Kunstverein Schwerin was founded in 2002 with the goal of establishing a forum for contemporary visual art. It has realized a wide range of exhibitions and projects, initially at various temporary venues such as empty storefronts or Schwerin Cathedral and more recently at the arts association’s permanent home in the buildings of the former generating station on Pfaffenteich, one of the lakes that dot the city. Andreas Wegner, who was appointed artistic and managing director in October 2015, has further raised the Kunstverein’s ambitious profile. He sees its new role as a New Patrons anchor point as an opportunity to engage audiences throughout the state of Mecklenburg-Vorpommern by launching pilot projects to foster the growth of model structures that will promote a better understanding of cultural production and strengthen local identities throughout the region.

© Museum Abteiberg

© Museum Abteiberg

Museum Abteiberg

Museum Abteiberg, a municipal museum in Mönchengladbach, not only boasts an outstanding collection and a distinctive architectural identity, it has also initiated a long-term process of institutional self-reinvention that will open it up to the urban society around it. Director Susanne Titz, who has led the museum since 2004, emphasizes the important role it plays in a city going through economic and demographic structural changes, which it actively addresses with numerous projects. As an anchor point for the New Patrons, the museum is well positioned to encourage and implement new models of civic participation. In 2016, the International Association of Art Critics (AICA) honored Museum Abteiberg with its “Museum of the Year” award.

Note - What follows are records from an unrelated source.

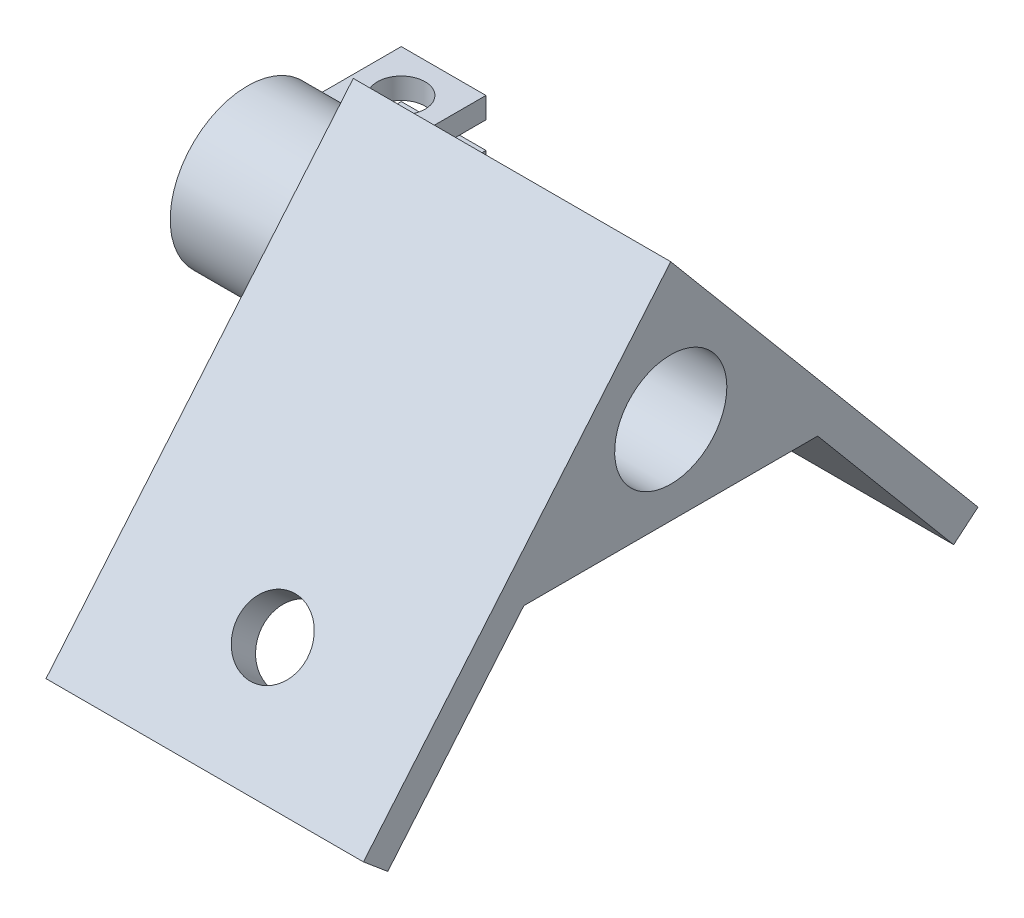
ISO-10303-21;
HEADER;
FILE_DESCRIPTION(('STEP AP214'),'2;1');
FILE_NAME('part.step','',(''),(''),'','','');
FILE_SCHEMA(('AUTOMOTIVE_DESIGN { 1 0 10303 214 1 1 1 1 }'));
ENDSEC;
DATA;
#1=APPLICATION_CONTEXT('core data for automotive mechanical design processes');
#2=APPLICATION_PROTOCOL_DEFINITION('international standard','automotive_design',2000,#1);
#3=PRODUCT_CONTEXT('',#1,'mechanical');
#4=PRODUCT('Part','Part','',(#3));
#5=PRODUCT_RELATED_PRODUCT_CATEGORY('part','',(#4));
#6=PRODUCT_DEFINITION_FORMATION('','',#4);
#7=PRODUCT_DEFINITION_CONTEXT('part definition',#1,'design');
#8=PRODUCT_DEFINITION('design','',#6,#7);
#9=PRODUCT_DEFINITION_SHAPE('','',#8);
#10=(LENGTH_UNIT() NAMED_UNIT(*) SI_UNIT(.MILLI.,.METRE.));
#11=(NAMED_UNIT(*) PLANE_ANGLE_UNIT() SI_UNIT($,.RADIAN.));
#12=(NAMED_UNIT(*) SI_UNIT($,.STERADIAN.) SOLID_ANGLE_UNIT());
#13=UNCERTAINTY_MEASURE_WITH_UNIT(LENGTH_MEASURE(1.E-05),#10,'distance_accuracy_value','');
#14=(GEOMETRIC_REPRESENTATION_CONTEXT(3) GLOBAL_UNCERTAINTY_ASSIGNED_CONTEXT((#13)) GLOBAL_UNIT_ASSIGNED_CONTEXT((#10,
#11,#12)) REPRESENTATION_CONTEXT('',''));
#15=CARTESIAN_POINT('',(0.,0.,0.));
#16=DIRECTION('',(0.,0.,1.));
#17=DIRECTION('',(1.,0.,0.));
#18=AXIS2_PLACEMENT_3D('',#15,#16,#17);
#19=CARTESIAN_POINT('',(15.,0.,0.));
#20=DIRECTION('',(-1.,0.,0.));
#21=DIRECTION('',(0.,0.,1.));
#22=AXIS2_PLACEMENT_3D('',#19,#20,#21);
#23=PLANE('',#22);
#24=DIRECTION('',(0.,0.766044443118977,0.64278760968654));
#25=VECTOR('',#24,1.);
#26=CARTESIAN_POINT('',(15.,12.9125077629414,0.));
#27=LINE('',#26,#25);
#28=CARTESIAN_POINT('',(15.,-21.6925260333199,-29.0370710953203));
#29=VERTEX_POINT('',#28);
#30=CARTESIAN_POINT('',(15.,12.9125077629414,0.));
#31=VERTEX_POINT('',#30);
#32=EDGE_CURVE('E253',#29,#31,#27,.T.);
#33=ORIENTED_EDGE('',*,*,#32,.T.);
#34=DIRECTION('',(0.,-0.766044443118977,0.642787609686541));
#35=VECTOR('',#34,1.);
#36=CARTESIAN_POINT('',(15.,12.9125077629414,0.));
#37=LINE('',#36,#35);
#38=CARTESIAN_POINT('',(15.,-21.6925260333199,29.0370710953203));
#39=VERTEX_POINT('',#38);
#40=EDGE_CURVE('E256',#31,#39,#37,.T.);
#41=ORIENTED_EDGE('',*,*,#40,.T.);
#42=DIRECTION('',(0.,-0.642787609686539,-0.766044443118978));
#43=VECTOR('',#42,1.);
#44=CARTESIAN_POINT('',(15.,-21.6925260333199,29.0370710953203));
#45=LINE('',#44,#43);
#46=CARTESIAN_POINT('',(15.,-23.6208888623795,26.7389377659634));
#47=VERTEX_POINT('',#46);
#48=EDGE_CURVE('E259',#39,#47,#45,.T.);
#49=ORIENTED_EDGE('',*,*,#48,.T.);
#50=DIRECTION('',(0.,0.766044443118977,-0.642787609686541));
#51=VECTOR('',#50,1.);
#52=CARTESIAN_POINT('',(15.,-23.6208888623795,26.7389377659634));
#53=LINE('',#52,#51);
#54=CARTESIAN_POINT('',(15.,-8.3,13.8831855722325));
#55=VERTEX_POINT('',#54);
#56=EDGE_CURVE('E261',#47,#55,#53,.T.);
#57=ORIENTED_EDGE('',*,*,#56,.T.);
#58=DIRECTION('',(0.,0.,-1.));
#59=VECTOR('',#58,1.);
#60=CARTESIAN_POINT('',(15.,-8.3,13.8831855722325));
#61=LINE('',#60,#59);
#62=CARTESIAN_POINT('',(15.,-8.3,-13.8831855722325));
#63=VERTEX_POINT('',#62);
#64=EDGE_CURVE('E263',#55,#63,#61,.T.);
#65=ORIENTED_EDGE('',*,*,#64,.T.);
#66=DIRECTION('',(0.,-0.766044443118977,-0.64278760968654));
#67=VECTOR('',#66,1.);
#68=CARTESIAN_POINT('',(15.,-23.6208888623795,-26.7389377659633));
#69=LINE('',#68,#67);
#70=CARTESIAN_POINT('',(15.,-23.6208888623795,-26.7389377659633));
#71=VERTEX_POINT('',#70);
#72=EDGE_CURVE('E265',#63,#71,#69,.T.);
#73=ORIENTED_EDGE('',*,*,#72,.T.);
#74=DIRECTION('',(0.,0.642787609686539,-0.766044443118978));
#75=VECTOR('',#74,1.);
#76=CARTESIAN_POINT('',(15.,-21.6925260333199,-29.0370710953203));
#77=LINE('',#76,#75);
#78=EDGE_CURVE('E267',#71,#29,#77,.T.);
#79=ORIENTED_EDGE('',*,*,#78,.T.);
#80=EDGE_LOOP('',(#33,#41,#49,#57,#65,#73,#79));
#81=FACE_BOUND('',#80,.T.);
#82=CARTESIAN_POINT('',(15.,0.,0.));
#83=DIRECTION('',(1.,0.,0.));
#84=DIRECTION('',(0.,0.,-1.));
#85=AXIS2_PLACEMENT_3D('',#82,#83,#84);
#86=CIRCLE('',#85,5.3);
#87=CARTESIAN_POINT('',(15.,0.,-5.3));
#88=VERTEX_POINT('',#87);
#89=EDGE_CURVE('E249',#88,#88,#86,.T.);
#90=ORIENTED_EDGE('',*,*,#89,.F.);
#91=EDGE_LOOP('',(#90));
#92=FACE_BOUND('',#91,.T.);
#93=ADVANCED_FACE('F35',(#81,#92),#23,.F.);
#94=CARTESIAN_POINT('',(-15.,0.,0.));
#95=DIRECTION('',(-1.,0.,0.));
#96=DIRECTION('',(0.,0.,1.));
#97=AXIS2_PLACEMENT_3D('',#94,#95,#96);
#98=PLANE('',#97);
#99=DIRECTION('',(0.,0.,1.));
#100=VECTOR('',#99,1.);
#101=CARTESIAN_POINT('',(-15.,1.25,-5.15048541401682));
#102=LINE('',#101,#100);
#103=CARTESIAN_POINT('',(-15.,1.25,-7.19218325684211));
#104=VERTEX_POINT('',#103);
#105=CARTESIAN_POINT('',(-15.,1.25,-5.15048541401682));
#106=VERTEX_POINT('',#105);
#107=EDGE_CURVE('E236',#104,#106,#102,.T.);
#108=ORIENTED_EDGE('',*,*,#107,.F.);
#109=CARTESIAN_POINT('',(-15.,0.,0.));
#110=DIRECTION('',(-1.,0.,0.));
#111=DIRECTION('',(0.,0.,1.));
#112=AXIS2_PLACEMENT_3D('',#109,#110,#111);
#113=CIRCLE('',#112,7.3);
#114=CARTESIAN_POINT('',(-15.,-1.25,-7.19218325684211));
#115=VERTEX_POINT('',#114);
#116=EDGE_CURVE('E224',#115,#104,#113,.T.);
#117=ORIENTED_EDGE('',*,*,#116,.F.);
#118=DIRECTION('',(0.,0.,-1.));
#119=VECTOR('',#118,1.);
#120=CARTESIAN_POINT('',(-15.,-1.25,-5.15048541401682));
#121=LINE('',#120,#119);
#122=CARTESIAN_POINT('',(-15.,-1.25,-5.15048541401682));
#123=VERTEX_POINT('',#122);
#124=EDGE_CURVE('E306',#123,#115,#121,.T.);
#125=ORIENTED_EDGE('',*,*,#124,.F.);
#126=CARTESIAN_POINT('',(-15.,0.,0.));
#127=DIRECTION('',(1.,0.,0.));
#128=DIRECTION('',(0.,0.,-1.));
#129=AXIS2_PLACEMENT_3D('',#126,#127,#128);
#130=CIRCLE('',#129,5.3);
#131=EDGE_CURVE('E172',#123,#106,#130,.T.);
#132=ORIENTED_EDGE('',*,*,#131,.T.);
#133=EDGE_LOOP('',(#108,#117,#125,#132));
#134=FACE_BOUND('',#133,.T.);
#135=DIRECTION('',(0.,0.766044443118977,0.64278760968654));
#136=VECTOR('',#135,1.);
#137=CARTESIAN_POINT('',(-15.,12.9125077629414,0.));
#138=LINE('',#137,#136);
#139=CARTESIAN_POINT('',(-15.,-21.6925260333199,-29.0370710953203));
#140=VERTEX_POINT('',#139);
#141=CARTESIAN_POINT('',(-15.,12.9125077629414,0.));
#142=VERTEX_POINT('',#141);
#143=EDGE_CURVE('E252',#140,#142,#138,.T.);
#144=ORIENTED_EDGE('',*,*,#143,.F.);
#145=DIRECTION('',(0.,0.642787609686539,-0.766044443118978));
#146=VECTOR('',#145,1.);
#147=CARTESIAN_POINT('',(-15.,-21.6925260333199,-29.0370710953203));
#148=LINE('',#147,#146);
#149=CARTESIAN_POINT('',(-15.,-23.6208888623795,-26.7389377659633));
#150=VERTEX_POINT('',#149);
#151=EDGE_CURVE('E257',#150,#140,#148,.T.);
#152=ORIENTED_EDGE('',*,*,#151,.F.);
#153=DIRECTION('',(0.,-0.766044443118977,-0.64278760968654));
#154=VECTOR('',#153,1.);
#155=CARTESIAN_POINT('',(-15.,-23.6208888623795,-26.7389377659633));
#156=LINE('',#155,#154);
#157=CARTESIAN_POINT('',(-15.,-8.3,-13.8831855722325));
#158=VERTEX_POINT('',#157);
#159=EDGE_CURVE('E280',#158,#150,#156,.T.);
#160=ORIENTED_EDGE('',*,*,#159,.F.);
#161=DIRECTION('',(0.,0.,-1.));
#162=VECTOR('',#161,1.);
#163=CARTESIAN_POINT('',(-15.,-8.3,13.8831855722325));
#164=LINE('',#163,#162);
#165=CARTESIAN_POINT('',(-15.,-8.3,13.8831855722325));
#166=VERTEX_POINT('',#165);
#167=EDGE_CURVE('E278',#166,#158,#164,.T.);
#168=ORIENTED_EDGE('',*,*,#167,.F.);
#169=DIRECTION('',(0.,0.766044443118977,-0.642787609686541));
#170=VECTOR('',#169,1.);
#171=CARTESIAN_POINT('',(-15.,-23.6208888623795,26.7389377659634));
#172=LINE('',#171,#170);
#173=CARTESIAN_POINT('',(-15.,-23.6208888623795,26.7389377659634));
#174=VERTEX_POINT('',#173);
#175=EDGE_CURVE('E276',#174,#166,#172,.T.);
#176=ORIENTED_EDGE('',*,*,#175,.F.);
#177=DIRECTION('',(0.,-0.642787609686539,-0.766044443118978));
#178=VECTOR('',#177,1.);
#179=CARTESIAN_POINT('',(-15.,-21.6925260333199,29.0370710953203));
#180=LINE('',#179,#178);
#181=CARTESIAN_POINT('',(-15.,-21.6925260333199,29.0370710953203));
#182=VERTEX_POINT('',#181);
#183=EDGE_CURVE('E274',#182,#174,#180,.T.);
#184=ORIENTED_EDGE('',*,*,#183,.F.);
#185=DIRECTION('',(0.,-0.766044443118977,0.642787609686541));
#186=VECTOR('',#185,1.);
#187=CARTESIAN_POINT('',(-15.,12.9125077629414,0.));
#188=LINE('',#187,#186);
#189=EDGE_CURVE('E272',#142,#182,#188,.T.);
#190=ORIENTED_EDGE('',*,*,#189,.F.);
#191=EDGE_LOOP('',(#144,#152,#160,#168,#176,#184,#190));
#192=FACE_BOUND('',#191,.T.);
#193=ADVANCED_FACE('F377',(#134,#192),#98,.T.);
#194=CARTESIAN_POINT('',(15.,12.9125077629414,0.));
#195=DIRECTION('',(0.,-0.64278760968654,0.766044443118977));
#196=DIRECTION('',(0.,-0.766044443118977,-0.64278760968654));
#197=AXIS2_PLACEMENT_3D('',#194,#195,#196);
#198=PLANE('',#197);
#199=CARTESIAN_POINT('',(0.,-14.0320816021302,-22.6091949984549));
#200=DIRECTION('',(0.,-0.64278760968654,0.766044443118977));
#201=DIRECTION('',(0.,-0.766044443118977,-0.64278760968654));
#202=AXIS2_PLACEMENT_3D('',#199,#200,#201);
#203=CIRCLE('',#202,3.29999999999999);
#204=CARTESIAN_POINT('',(0.,-16.5600282644228,-24.7303941104204));
#205=VERTEX_POINT('',#204);
#206=EDGE_CURVE('E244',#205,#205,#203,.T.);
#207=ORIENTED_EDGE('',*,*,#206,.T.);
#208=EDGE_LOOP('',(#207));
#209=FACE_BOUND('',#208,.T.);
#210=ORIENTED_EDGE('',*,*,#143,.T.);
#211=DIRECTION('',(-1.,0.,0.));
#212=VECTOR('',#211,1.);
#213=CARTESIAN_POINT('',(15.,12.9125077629414,0.));
#214=LINE('',#213,#212);
#215=EDGE_CURVE('E11',#31,#142,#214,.T.);
#216=ORIENTED_EDGE('',*,*,#215,.F.);
#217=ORIENTED_EDGE('',*,*,#32,.F.);
#218=DIRECTION('',(-1.,0.,0.));
#219=VECTOR('',#218,1.);
#220=CARTESIAN_POINT('',(15.,-21.6925260333199,-29.0370710953203));
#221=LINE('',#220,#219);
#222=EDGE_CURVE('E269',#29,#140,#221,.T.);
#223=ORIENTED_EDGE('',*,*,#222,.T.);
#224=EDGE_LOOP('',(#210,#216,#217,#223));
#225=FACE_BOUND('',#224,.T.);
#226=ADVANCED_FACE('F37',(#209,#225),#198,.F.);
#227=CARTESIAN_POINT('',(15.,12.9125077629414,0.));
#228=DIRECTION('',(0.,-0.642787609686541,-0.766044443118977));
#229=DIRECTION('',(0.,0.766044443118977,-0.642787609686541));
#230=AXIS2_PLACEMENT_3D('',#227,#228,#229);
#231=PLANE('',#230);
#232=CARTESIAN_POINT('',(0.,-14.0320816021302,22.6091949984549));
#233=DIRECTION('',(0.,-0.642787609686541,-0.766044443118977));
#234=DIRECTION('',(0.,0.766044443118977,-0.642787609686541));
#235=AXIS2_PLACEMENT_3D('',#232,#233,#234);
#236=CIRCLE('',#235,3.29999999999999);
#237=CARTESIAN_POINT('',(0.,-11.5041349398375,20.4879958864893));
#238=VERTEX_POINT('',#237);
#239=EDGE_CURVE('E248',#238,#238,#236,.T.);
#240=ORIENTED_EDGE('',*,*,#239,.T.);
#241=EDGE_LOOP('',(#240));
#242=FACE_BOUND('',#241,.T.);
#243=ORIENTED_EDGE('',*,*,#189,.T.);
#244=DIRECTION('',(-1.,0.,0.));
#245=VECTOR('',#244,1.);
#246=CARTESIAN_POINT('',(15.,-21.6925260333199,29.0370710953203));
#247=LINE('',#246,#245);
#248=EDGE_CURVE('E44',#39,#182,#247,.T.);
#249=ORIENTED_EDGE('',*,*,#248,.F.);
#250=ORIENTED_EDGE('',*,*,#40,.F.);
#251=ORIENTED_EDGE('',*,*,#215,.T.);
#252=EDGE_LOOP('',(#243,#249,#250,#251));
#253=FACE_BOUND('',#252,.T.);
#254=ADVANCED_FACE('F412',(#242,#253),#231,.F.);
#255=CARTESIAN_POINT('',(15.,-21.6925260333199,29.0370710953203));
#256=DIRECTION('',(0.,0.766044443118978,-0.642787609686539));
#257=DIRECTION('',(0.,0.642787609686539,0.766044443118978));
#258=AXIS2_PLACEMENT_3D('',#255,#256,#257);
#259=PLANE('',#258);
#260=ORIENTED_EDGE('',*,*,#183,.T.);
#261=DIRECTION('',(-1.,0.,0.));
#262=VECTOR('',#261,1.);
#263=CARTESIAN_POINT('',(15.,-23.6208888623795,26.7389377659634));
#264=LINE('',#263,#262);
#265=EDGE_CURVE('E294',#47,#174,#264,.T.);
#266=ORIENTED_EDGE('',*,*,#265,.F.);
#267=ORIENTED_EDGE('',*,*,#48,.F.);
#268=ORIENTED_EDGE('',*,*,#248,.T.);
#269=EDGE_LOOP('',(#260,#266,#267,#268));
#270=FACE_BOUND('',#269,.T.);
#271=ADVANCED_FACE('F409',(#270),#259,.F.);
#272=CARTESIAN_POINT('',(15.,-23.6208888623795,26.7389377659634));
#273=DIRECTION('',(0.,0.642787609686541,0.766044443118977));
#274=DIRECTION('',(0.,-0.766044443118977,0.642787609686541));
#275=AXIS2_PLACEMENT_3D('',#272,#273,#274);
#276=PLANE('',#275);
#277=CARTESIAN_POINT('',(0.,-15.9604444311898,20.311061669098));
#278=DIRECTION('',(0.,-0.642787609686541,-0.766044443118977));
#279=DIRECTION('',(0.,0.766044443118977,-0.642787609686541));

© Brandenburgischer Kunstverein Potsdam e.V

© Brandenburgischer Kunstverein Potsdam e.V

Brandenburgischer Kunstverein Potsdam

In 2011, the Brandenburgischer Kunstverein Potsdam (BKV) moved into its current home, a pavilion in the Freundschaftsinsel park. The venue brings together diverse audiences: the BKV’s exhibitions attract the residents of nearby retirement homes as well as tourists from far-flung countries. Describing the Kunstverein on the island in the River Havel as a model project testing forms of direct dialogical engagement with the public, its longstanding artistic director Gerrit Gohlke has also sought to expand the association’s work into rural Brandenburg. A New Patrons partner since 2010, the BKV has developed projects involving international artists and the residents of Brandenburg’s regions, fostering art in rural locations as a way to build bridges between the art world and outlying parts of the state.